Assim, nesta busca incessante pelos espaços interinstitucionais e interdisciplinares e de extrapolação dos limites geográficos e culturais, o Congresso que ora anunciamos iniciará o período de debates que fluirá para o convênio internacional com a Universidade de Frankfurt com vistas ao intercâmbio de alun@s e professr@s nesta atividade de pesquisa.
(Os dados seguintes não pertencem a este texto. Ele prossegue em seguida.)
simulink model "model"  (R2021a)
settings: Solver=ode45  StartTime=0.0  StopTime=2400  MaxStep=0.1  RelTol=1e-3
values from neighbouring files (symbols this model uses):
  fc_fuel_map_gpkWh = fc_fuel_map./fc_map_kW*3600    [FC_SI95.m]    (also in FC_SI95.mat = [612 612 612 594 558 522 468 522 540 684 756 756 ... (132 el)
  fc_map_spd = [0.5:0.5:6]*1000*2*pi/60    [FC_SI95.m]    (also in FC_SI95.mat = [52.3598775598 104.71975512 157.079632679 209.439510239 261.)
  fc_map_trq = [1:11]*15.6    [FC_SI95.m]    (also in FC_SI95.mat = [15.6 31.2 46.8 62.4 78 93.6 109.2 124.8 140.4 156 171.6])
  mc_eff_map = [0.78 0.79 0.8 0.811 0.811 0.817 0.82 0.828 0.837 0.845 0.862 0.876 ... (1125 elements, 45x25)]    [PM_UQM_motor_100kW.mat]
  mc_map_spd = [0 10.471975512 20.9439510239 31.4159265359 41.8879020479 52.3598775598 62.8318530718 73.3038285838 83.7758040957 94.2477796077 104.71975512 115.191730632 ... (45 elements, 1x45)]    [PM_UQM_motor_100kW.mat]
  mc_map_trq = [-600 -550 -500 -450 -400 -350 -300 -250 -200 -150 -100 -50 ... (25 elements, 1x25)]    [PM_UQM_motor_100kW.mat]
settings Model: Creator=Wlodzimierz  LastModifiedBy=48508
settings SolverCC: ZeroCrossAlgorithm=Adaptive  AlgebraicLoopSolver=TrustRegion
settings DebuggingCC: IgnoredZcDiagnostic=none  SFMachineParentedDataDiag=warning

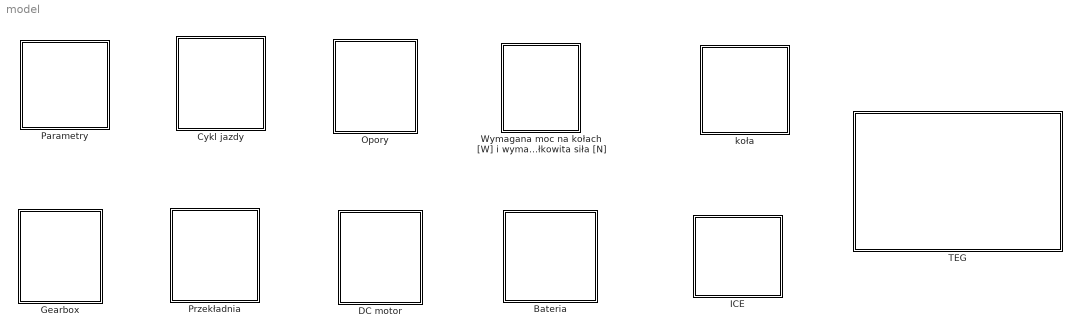
== system model ==
  Bateria : Subsystem
  Cykl jazdy : Subsystem
  DC motor : Subsystem
  Gearbox : Subsystem
  ICE : Subsystem
  Opory : Subsystem
  Parametry : Subsystem  mask{m1_=1500, f1_=0.001, cx_=0.27, a_=2.01, rd_=0.32, prz_=3.46, eta_kwm_=0.95}
      mask prompts: m1_ "masa"; f1_ "wsp. op. tocz."; cx_ "wsp. op. aerodynamicznych cx"; a_ "pow. czołowa [m^2]"; rd_ "promień koła [m]"; prz_ "przełożenie silnik-koła"; eta_kwm_ "sprawność przekładni"
  Przekładnia : Subsystem
  TEG : Subsystem
  Wymagana moc na kołach [W] i wymagana całkowita siła [N] : Subsystem
  koła : Subsystem

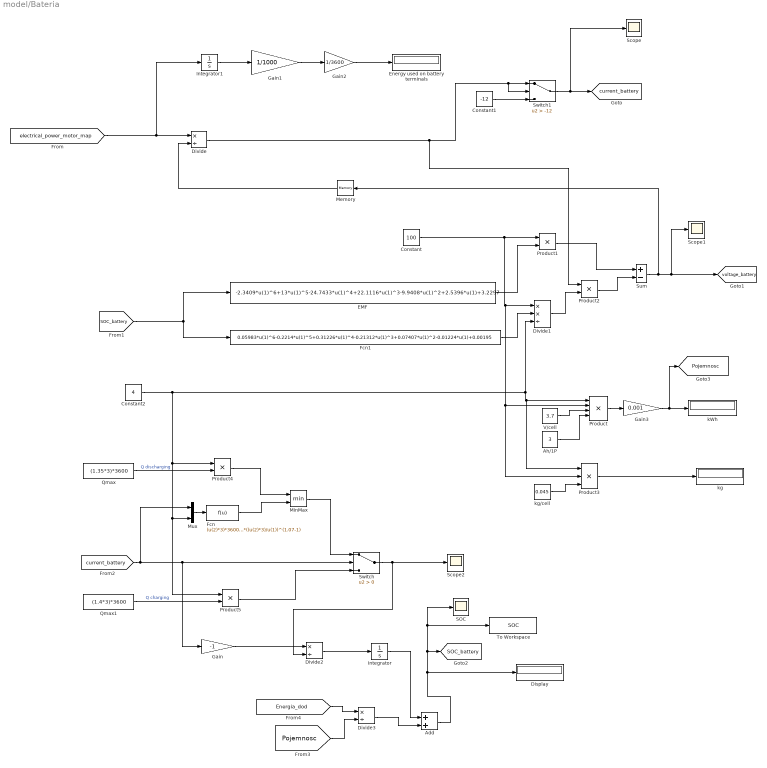
== system model/Bateria ==
  Add : Sum
  Ah/1P : Constant  Value=3
  Constant : Constant  Value=100
  Constant1 : Constant  Value=-12
  Constant2 : Constant  Value=4
  Display : Display
  Divide : Product  Inputs=*/
  Divide1 : Product  Inputs=**/
  Divide2 : Product  Inputs=*/
  Divide3 : Product  Inputs=*/
  EMF : Fcn  Expr=-2.3409*u(1)^6+13*u(1)^5-24.7433*u(1)^4+22.1116*u(1)^3-9.9408*u(1)^2+2.5396*u(1)+3.2297
  Energy used on battery terminals : Display
  Fcn : Fcn  Expr=(u(2)*3)*3600*((u(2)*3)/u(1))^(1.07-1)
  Fcn1 : Fcn  Expr=0.05983*u(1)^6-0.2214*u(1)^5+0.31226*u(1)^4-0.21312*u(1)^3+0.07407*u(1)^2-0.01224*u(1)+0.00195
  Gain : Gain  Gain=-1
  Gain1 : Gain  Gain=1/1000
  Gain2 : Gain  Gain=1/3600
  Gain3 : Gain  Gain=0.001
  Integrator : Integrator  InitialCondition=0.65
  Integrator1 : Integrator
  Memory : Memory  InitialCondition=500
  MinMax : MinMax  Inputs=2  ZeroCross=off
  Mux : Mux  Inputs=2
  Product : Product  Inputs=4
  Product{1..2,4..5} (4 alike) : Product
  Product3 : Product  Inputs=3
  Qmax : Constant  Value=(1.35*3)*3600
  Qmax1 : Constant  Value=(1.4*3)*3600
  SOC : Scope
  Scope : Scope
  Scope1 : Scope
  Scope2 : Scope
  Sum : Sum  Inputs=+-
  Switch : Switch  Criteria=u2 > Threshold  ZeroCross=off
  Switch1 : Switch  Criteria=u2 > Threshold  Threshold=-12
  To Workspace : ToWorkspace  VariableName=SOC  SaveFormat=Timeseries  SampleTime=-1
  V/cell : Constant  Value=3.7
  kWh : Display
  kg : Display
  kg/cell : Constant  Value=0.045
  tag scope: Pojemnosc=global, SOC_battery=global, current_battery=global, voltage_battery=global
  wires:
  Divide/1 -> Product2/1, Switch1/2, Switch1/1
  [SOC_battery] -> EMF/1, Fcn1/1
  Fcn1/1 -> Divide1/2
  Constant2/1 -> Mux/2, Product5/1, Product4/1, Divide1/3, Product3/1, Product/1
  Divide1/1 -> Product2/2
  Product2/1 -> Sum/2
  Sum/1 -> Memory/1, Scope1/1, [voltage_battery]
  EMF/1 -> Product1/2
  Product1/1 -> Sum/1
  Constant/1 -> Product3/2, Product/2, Divide1/1, Product1/1
  Memory/1 -> Divide/2
  Ah/1P/1 -> Product/4
  V/cell/1 -> Product/3
  kg/cell/1 -> Product3/3
  Product3/1 -> kg/1
  Product/1 -> Gain3/1
  Gain/1 -> Divide2/1
  Fcn/1 -> MinMax/2
  MinMax/1 -> Switch/1
  Divide2/1 -> Integrator/1
  Switch/1 -> Scope2/1, Divide2/2
  [current_battery] -> Mux/1, Gain/1, Switch/2
  Qmax/1 -> Product4/2  "Q discharging"
  Mux/1 -> Fcn/1
  Product4/1 -> MinMax/1
  Qmax1/1 -> Product5/2  "Q charging"
  Product5/1 -> Switch/3
  Integrator1/1 -> Gain1/1
  Gain1/1 -> Gain2/1
  Gain2/1 -> Energy used on battery terminals/1
  [electrical_power_motor_map] -> Divide/1, Integrator1/1
  Gain3/1 -> [Pojemnosc], kWh/1
  Constant1/1 -> Switch1/3
  Switch1/1 -> Scope/1, [current_battery]
  [Pojemnosc] -> Divide3/2
  [Energia_dod] -> Divide3/1
  Divide3/1 -> Add/2
  Integrator/1 -> Add/1
  Add/1 -> Display/1, To Workspace/1, SOC/1, [SOC_battery]

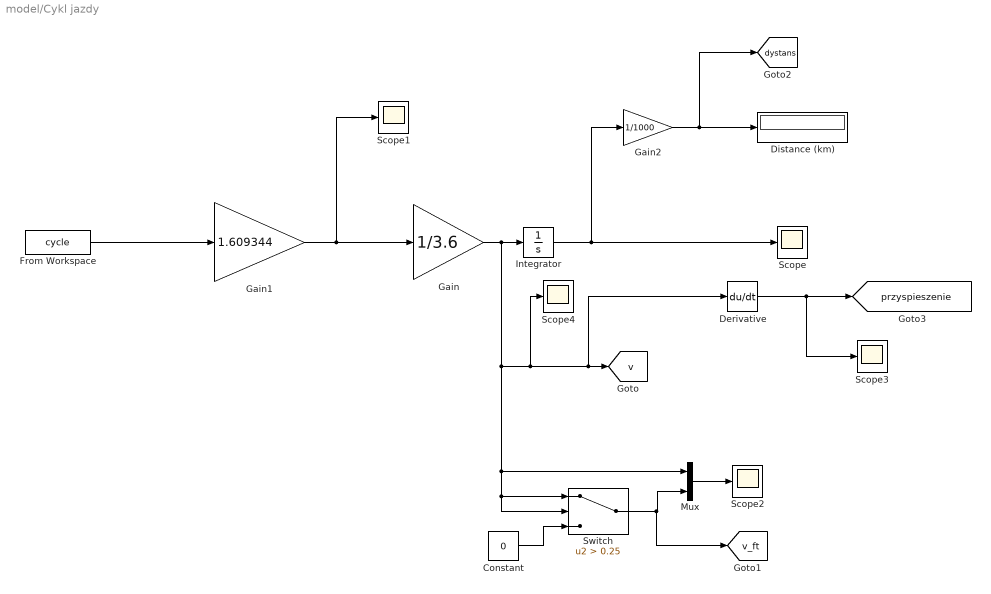
== system model/Cykl jazdy ==
  Constant : Constant  Value=0
  Derivative : Derivative
  Distance (km) : Display
  From Workspace : FromWorkspace  VariableName=cycle
  Gain : Gain  Gain=1/3.6
  Gain1 : Gain  Gain=1.609344
  Gain2 : Gain  Gain=1/1000
  Integrator : Integrator
  Mux : Mux  Inputs=2
  Scope{,1..4} (5 alike) : Scope
  Switch : Switch  Criteria=u2 > Threshold  Threshold=0.25
  tag scope: dystans=global, przyspieszenie=global, v=global, v_ft=global
  wires:
  Mux/1 -> Scope2/1
  Integrator/1 -> Scope/1, Gain2/1
  Gain1/1 -> Gain/1, Scope1/1
  Gain/1 -> Mux/1, Switch/2, Switch/1, Scope4/1, Derivative/1, [v], Integrator/1
  Switch/1 -> [v_ft], Mux/2
  Constant/1 -> Switch/3
  Gain2/1 -> [dystans], Distance (km)/1
  Derivative/1 -> Scope3/1, [przyspieszenie]
  From Workspace/1 -> Gain1/1

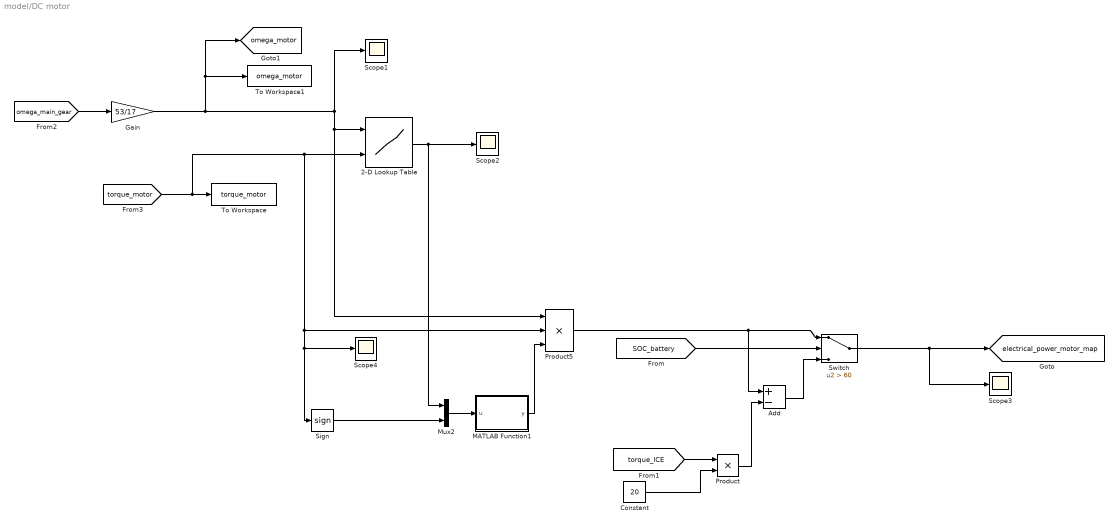
== system model/DC motor ==
  2-D Lookup Table : Lookup_n-D  BreakpointsForDimension1=mc_map_spd*3  BreakpointsForDimension2=mc_map_trq*0.2  Table=mc_eff_map  InternalRulePriority=Speed  RndMeth=Simplest  InputSameDT=on
      settings: InputPortMap=u0,u1
  Add : Sum  Inputs=+-
  Constant : Constant  Value=20
  Gain : Gain  Gain=53/17
  MATLAB Function1 : MATLAB Function  TreatAsAtomicUnit=on
  Mux2 : Mux  Inputs=2
  Product : Product
  Product5 : Product  Inputs=3
  Scope{1..4} (4 alike) : Scope
  Sign : Signum
  Switch : Switch  Criteria=u2 > Threshold  Threshold=60
  To Workspace : ToWorkspace  VariableName=torque_motor  SampleTime=1
  To Workspace1 : ToWorkspace  VariableName=omega_motor  SampleTime=1
  tag scope: electrical_power_motor_map=global, omega_motor=global
  wires:
  Sign/1 -> Mux2/2
  2-D Lookup Table/1 -> Mux2/1, Scope2/1
  Mux2/1 -> MATLAB Function1/1(u)
  MATLAB Function1/1(y) -> Product5/3
  [torque_motor] -> Scope4/1, Sign/1, Product5/2, 2-D Lookup Table/2, To Workspace/1
  [omega_main_gear] -> Gain/1
  [torque_ICE] -> Product/1
  Constant/1 -> Product/2
  [SOC_battery] -> Switch/2
  Product5/1 -> Add/1, Switch/1
  Product/1 -> Add/2
  Add/1 -> Switch/3
  Switch/1 -> Scope3/1, [electrical_power_motor_map]
  Gain/1 -> [omega_motor], To Workspace1/1, Product5/1, 2-D Lookup Table/1, Scope1/1

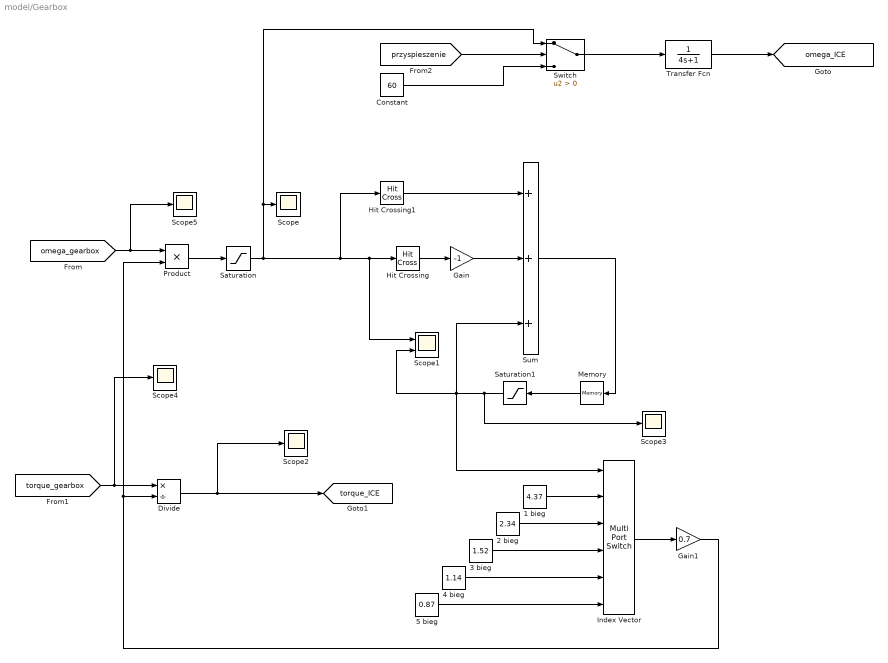
== system model/Gearbox ==
  1 bieg : Constant  Value=4.37
  2 bieg : Constant  Value=2.34
  3 bieg : Constant  Value=1.52
  4 bieg : Constant  Value=1.14
  5 bieg : Constant  Value=0.87
  Constant : Constant  Value=60
  Divide : Product  Inputs=*/
  Gain : Gain  Gain=-1
  Gain1 : Gain  Gain=0.7
  Hit Crossing : HitCross  HitCrossingOffset=120  HitCrossingDirection=falling
  Hit Crossing1 : HitCross  HitCrossingOffset=270  HitCrossingDirection=rising
  Index Vector : MultiPortSwitch  Inputs=5
  Memory : Memory  InitialCondition=1
  Product : Product
  Saturation : Saturate  UpperLimit=280  LowerLimit=80
  Saturation1 : Saturate  UpperLimit=5  LowerLimit=1
  Scope{,2..5} (5 alike) : Scope
  Scope1 : Scope  NumInputPorts=2
  Sum : Sum  Inputs=+++
  Switch : Switch  Criteria=u2 > Threshold
  Transfer Fcn : TransferFcn  Denominator=[4 1]
  tag scope: omega_ICE=global, torque_ICE=global
  wires:
  [omega_gearbox] -> Scope5/1, Product/1
  Product/1 -> Saturation/1
  Saturation/1 -> Switch/1, Scope/1, Scope1/1, Hit Crossing/1, Hit Crossing1/1
  Hit Crossing/1 -> Gain/1
  Hit Crossing1/1 -> Sum/1
  Gain/1 -> Sum/2
  Sum/1 -> Memory/1
  Memory/1 -> Saturation1/1
  Saturation1/1 -> Scope3/1, Index Vector/1, Scope1/2, Sum/3
  [torque_gearbox] -> Scope4/1, Divide/1
  Gain1/1 -> Product/2, Divide/2
  5 bieg/1 -> Index Vector/6
  4 bieg/1 -> Index Vector/5
  3 bieg/1 -> Index Vector/4
  2 bieg/1 -> Index Vector/3
  1 bieg/1 -> Index Vector/2
  Index Vector/1 -> Gain1/1
  Divide/1 -> Scope2/1, [torque_ICE]
  [przyspieszenie] -> Switch/2
  Constant/1 -> Switch/3
  Switch/1 -> Transfer Fcn/1
  Transfer Fcn/1 -> [omega_ICE]

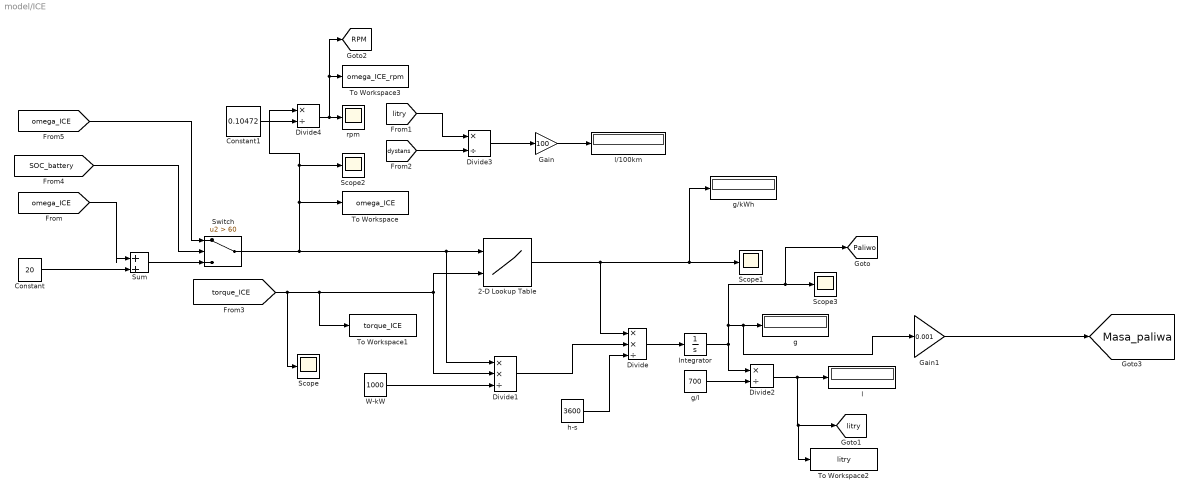
== system model/ICE ==
  2-D Lookup Table : Lookup_n-D  BreakpointsForDimension1=fc_map_spd  BreakpointsForDimension2=fc_map_trq  Table=fc_fuel_map_gpkWh  InternalRulePriority=Speed  RndMeth=Simplest  InputSameDT=on
      settings: InputPortMap=u0,u1
  Constant : Constant  Value=20
  Constant1 : Constant  Value=0.10472
  Divide : Product  Inputs=**/
  Divide1 : Product  Inputs=**/
  Divide2 : Product  Inputs=*/
  Divide3 : Product  Inputs=*/
  Divide4 : Product  Inputs=*/
  Gain : Gain  Gain=100
  Gain1 : Gain  Gain=0.001
  Integrator : Integrator
  Scope{,1..3} (4 alike) : Scope
  Sum : Sum  Inputs=|++
  Switch : Switch  Criteria=u2 > Threshold  Threshold=60
  To Workspace : ToWorkspace  VariableName=omega_ICE  SampleTime=1
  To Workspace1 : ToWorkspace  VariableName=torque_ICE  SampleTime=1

Contamos com a participação docente de nossa universidade e o incentivo destes para a participação discente, com a respectiva compreensão das possibilidades e da importância para a formação acadêmica nas mais variadas áreas de ensino em nossa Universidade, visto que as temáticas e práticas desenvolvidas durante o evento são praticamente mínimas ou nulas no currículo da maioria dos cursos de formação de profissionais e pesquisadores nas chamadas ciências humanas, diametralmente oposto a importância de profissionais e pesquisadores que possam subsidiar a reflexão, a atuação e transformação em direitos humanos na Amazônia.

O Lajusa também lançou no dia 19 de novembro de 2013, o "DHiaLOGOS - local de direitos", como um espaço de vivências interrogativas entre docentes e discentes com vistas a seguirmos coletivamente abertos a este pensamento crítico proposto, e que ocorrerão mensalmente no auditório do Núcleo de Práticas Jurídicas (NPJ) da UFPA. 

Esperamos contar com a presença de tod@s para a construção de novas parcerias amparadas neste sentimento de comunidade que a Academia propõe.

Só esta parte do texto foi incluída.